Para comprar 14% do capital da PSA, os dois novos acionistas desembolsaram 800 milhões de euros cada um e se equipararam em volume de ações à família Peugeot, que controla a empresa há mais de 200 anos. O acordo acontece depois de um aumento de capital de 3 bilhões de euros da empresa, que acumulou uma dívida líquida de 7 bilhões de euros nos anos de 2012 e 2013.

A companhia francesa espera que o negócio a permita reequilibrar as contas reforçando sua presença no mercado automobilístico chinês, onde ela já tem parceria com a Dongfeng. O objetivo é triplicar até 2020 o volume de produção da subsidiária chinesa DPCA, para 1,5 milhão de veículos por ano. A verba estatal deve ajudar a PSA a recuperar sua capacidade de investimento no mercado europeu.

Expansão aérea

O prolongamento do contrato de Tianjin, principal operação do grupo fora da Europa, permitirá a Airbus reforçar sua presença na China, que já responde por 20% das comandas. Um acordo paralelo deve ajudar a fabricante a realizar este objetivo: a empresa conseguiu que as autoridades chinesas assinassem uma flexibilização das regras chinesas para o tráfego aéreo, condição essencial para desenvolvimento do mercado local.

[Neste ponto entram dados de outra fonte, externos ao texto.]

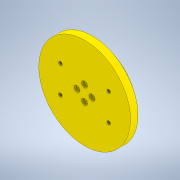
# Autodesk Inventor part: Podstawa2
Saved by Autodesk Inventor 2022 (Build 260153000, 153)
## iProperties
Created: 2023-11-10
Part Number: Podstawa2
Material: Ogólny
Document SubType Name: Modeling
Designer: nosal
Density: 1 g/cm^3
Appearance: Domyślna
Author: nosal
Autodesk Inventor part; units mm, degrees
ref_plane "YZ Plane" through (0, 0, 0) normal (1, 0, 0) x (0, 1, 0)
ref_plane "XZ Plane" through (0, 0, 0) normal (0, 1, 0) x (-1, 0, 0)
ref_plane "XY Plane" through (0, 0, 0) normal (0, 0, 1) x (1, 0, 0)
sketch "Szkic1" plane through (0, 0, 0) normal (0, 0, 1) x (1, 0, 0)
  circle A0 centre (0, 0) radius 10.75
  circle A1 centre (0, 0) radius 11.25
  circle A2 centre (0, 0) radius 43
  dimension "d0" = 21.5
  dimension "d1" = 0.5
  dimension "d2" = 86
  constraints: 3 centre point, 2 coincident
  measures "d0" diameter of A0
  measures "d1" radial gap between concentric circles of A0 A1
  measures "d2" diameter of A2
extrude "Wyciągnięcie proste1" add sketch "Szkic1" along normal blind 10 contours A0 | A1 | A2
sketch "Szkic2" plane through (0, 0, 10) normal (0, 0, 1) x (1, 0, 0)
  circle A0 centre (0, 0) radius 3.5
  point P0 (7.1, 0)
  point P1 (0, 7.1)
  point P2 (-7.1, 0)
  point P3 (0, -7.1)
  dimension "d5" = 7.1
  dimension "d6" = 7.1
  dimension "d7" = 7.1
  dimension "d8" = 7.1
  dimension "d9" = 7
  constraints: 1 centre point, 1 coincident
  measures "d5" distance of point (7.1, 0) point (0, 0)
  measures "d6" distance of point (0, 7.1) point (0, 0)
  measures "d7" distance of point (0, -7.1) point (0, 0)
  measures "d8" distance of point (-7.1, 0) point (0, 0)
  measures "d9" diameter of A0
hole "Otwór1" at (7.1, 0, 10) at (0, 7.1, 10) at (-7.1, 0, 10) at (0, -7.1, 10) direction (0, 0, -1) diameter 1.567 end through all thread size "M2x0.4" designation "M2" class "6H" standard "GB Metric profile"
sketch "Szkic3" plane through (0, 0, 0) normal (0, 0, -1) x (-1, 0, 0)
  circle A0 centre (0, 0) radius 11.5
  dimension "d17" = 23
  constraints: 1 centre point, 1 coincident
  measures "d17" diameter of A0
extrude "Wyciągnięcie proste2" cut sketch "Szkic3" against normal blind 2
sketch "Szkic4" plane through (0, 0, 2) normal (0, 0, -1) x (-1, 0, 0)
  circle A0 centre (0, 0) radius 3.5
  dimension "d20" = 7
  constraints: 1 centre point, 1 coincident
  measures "d20" diameter of A0
extrude "Wyciągnięcie proste3" cut sketch "Szkic4" against normal blind 1
sketch "Szkic5" plane through (0, 0, 10) normal (0, 0, 1) x (1, 0, 0)
  circle A0 centre (-7.1, 0) radius 0.7835 projected
  circle A1 centre (7.1, 0) radius 0.7835 projected
  circle A2 centre (0, 7.1) radius 0.7835 projected
  circle A3 centre (0, -7.1) radius 0.7835 projected
  circle A4 centre (0, 0) radius 43 projected
extrude "Wyciągnięcie proste4" cut sketch "Szkic5" against normal blind 5
sketch "Szkic6" plane through (0, 0, 5) normal (0, 0, 1) x (1, 0, 0)
  circle A0 centre (0, -7.1) radius 0.7835 projected
  circle A1 centre (7.1, 0) radius 0.7835 projected
  circle A2 centre (-7.1, 0) radius 0.7835 projected
  circle A3 centre (0, 7.1) radius 0.7835 projected
  circle A4 centre (0, -7.1) radius 2.75
  circle A5 centre (-7.1, 0) radius 0.7835 projected
  circle A6 centre (-7.1, 0) radius 2.75
  circle A7 centre (0, 7.1) radius 2.75
  circle A8 centre (7.1, 0) radius 0.7835 projected
  circle A9 centre (7.1, 0) radius 2.75
  point P0 (0, 0)
  dimension "d25" = 5.5
  dimension "d26" = 5.5
  dimension "d27" = 5.5
  dimension "d28" = 5.5
  constraints: 4 centre point, 4 coincident
  measures "d25" diameter of A4
  measures "d26" diameter of A6
  measures "d27" diameter of A7
  measures "d28" diameter of A9
extrude "Wyciągnięcie proste5" cut sketch "Szkic6" against normal blind 2 contours A3 | A4 | A6 | A7 | A9
sketch "Szkic9" plane through (0, 0, 0) normal (0, 0, -1) x (-1, 0, 0)
  circle A0 centre (0, 0) radius 11.5 projected
  circle A1 centre (0, 0) radius 43 projected
  circle A2 centre (0, 0) radius 37
  dimension "d36" = 6
  constraints: 1 centre point
  measures "d36" radial gap between concentric circles of A1 A2
extrude "Wyciągnięcie proste7" add sketch "Szkic9" along normal blind 2 contours A1
sketch "Szkic10" plane through (0, 0, -2) normal (0, 0, -1) x (-1, 0, 0)
  circle A0 centre (0, 0) radius 43 projected
  circle A1 centre (0, 0) radius 37 projected
  circle A2 centre (0, 0) radius 39
  dimension "d39" = 2
  constraints: 1 centre point
  measures "d39" radial gap between concentric circles of A1 A2
extrude "Wyciągnięcie proste8" add sketch "Szkic10" along normal blind 3 contours A2
sketch "Szkic12" plane through (0, 0, 5) normal (0, 0, 1) x (1, 0, 0)
  line L0 (-30.65, -20.8055) -> (30.65, -20.8055)
  line L1 (30.65, -20.8055) -> (30.65, 20.8055)
  line L2 (30.65, 20.8055) -> (-30.65, 20.8055)
  line L3 (-30.65, 20.8055) -> (-30.65, -20.8055)
  line L4 (-30.65, -20.8055) -> (30.65, 20.8055) construction
  line L5 (30.65, -20.8055) -> (-30.65, 20.8055) construction
  point P0 (0, 0)
  point P1 (-22.65, 12.8055)
  point P2 (-22.65, -12.8055)
  point P3 (22.65, 12.8055)
  point P4 (22.65, -12.8055)
  dimension "d59" = 61.3
  dimension "d60" = 41.611
  dimension "d61" = 8
  dimension "d62" = 8
  dimension "d63" = 8
  dimension "d64" = 8
  dimension "d65" = 8
  dimension "d66" = 8
  dimension "d67" = 8
  dimension "d68" = 8
  constraints: 12 end point, 2 midpoint, 2 parallel, 1 horizontal, 1 perpendicular
  measures "d59" distance of L1.end L2.end
  measures "d60" distance of L0.end L1.end
  measures "d61" distance from line of L2 point (-22.65, 12.805)
  measures "d62" distance from line of L3 point (-22.65, 12.805)
  measures "d63" distance from line of L2 point (22.65, 12.806)
  measures "d64" distance from line of L0 point (22.65, -12.805)
  measures "d65" distance from line of L0 point (-22.65, -12.805)
  measures "d66" distance from line of L3 point (-22.65, -12.805)
  measures "d67" distance from line of L1 point (22.65, -12.805)
  measures "d68" distance from line of L1 point (22.65, 12.806)
hole "Otwór3" at (-22.65, 12.8055, 5) at (-22.65, -12.8055, 5) at (22.65, 12.8055, 5) at (22.65, -12.8055, 5) direction (0, 0, -1) diameter 3.242 end through all thread size "M4x0.7" designation "M4" class "6H" standard "GB Metric profile"
equation "\"d6\" = d5"
equation "\"d7\" = d6"
equation "\"d8\" = d6"

A Airbus deve ainda abrir uma nova unidade chinesa de produção, que produzirá cabines para a aeronave A330 e poderá potencializar os negócios locais, e transformar Tianjin em uma base de exportação para outros países asiáticos.

Relações bilaterais

"No plano bilateral, temos excelentes relações", declarou Hollande no início do encontro desta quarta-feira. Ele ressalvou no entanto que as duas potências têm o "dever" de reequilibrar seu comércio exterior. Em 2013, a balança comercial fechou em 26 bilhões de euros negativos para o lado francês - o que representa quase 40% de todo o déficit do país.

Hollande pretende rever esta situação por meio de negócios nas áreas em que os dois países já colaboram tradicionalmente, como a energia nuclear civil e a aeronáutica, mas também em novos setores, como o agroalimentar, a cidade sustentável e a tecnologia. "Nossa ambição", afirmou, "não é simplesmente multiplicar as trocas, mas também os investimentos".

Pompa histórica para acordos históricos

Xi Jinping e sua mulher, a cantora pop Peng Liyuan, foram recebidos pessoalmente por François Hollande no Hotel Nacional dos Invalides, na margem esquerda do Rio Sena, uma honra inédita. Depois da execução dos hinos nacionais dos dois países, os chefes de Estado partiram para o palácio do Eliseu - sede da presidência francesa - em um mesmo carro, escoltados por 104 cavaleiros da Guarda Republicana, vestidos em uniformes de gala.

Na véspera da visita à Paris, Jinping visitou a cidade de Lyon (centro-leste), principal destino dos estudantes chineses na França. Lá, ele afirmou que o objetivo de sua visita era "planejar conjuntamente o futuro, de forma que as relações sino-francesas sejam relançadas e obtenham progressos ainda mais importantes".

Na quinta-feira, o casal presidencial chinês participará de um jantar de gala e assistirá a um concerto na Ópera Real do Castelo de Versailles, em que será executada uma série de obras chinesas, além dos Contos de Hoffman, ópera de Jacques Offenbach baseada em textos do escritor E.T.A. Hoffman.

Depois da França, Xi Jinping segue sua turnê europeia em Berlim e Bruxelas.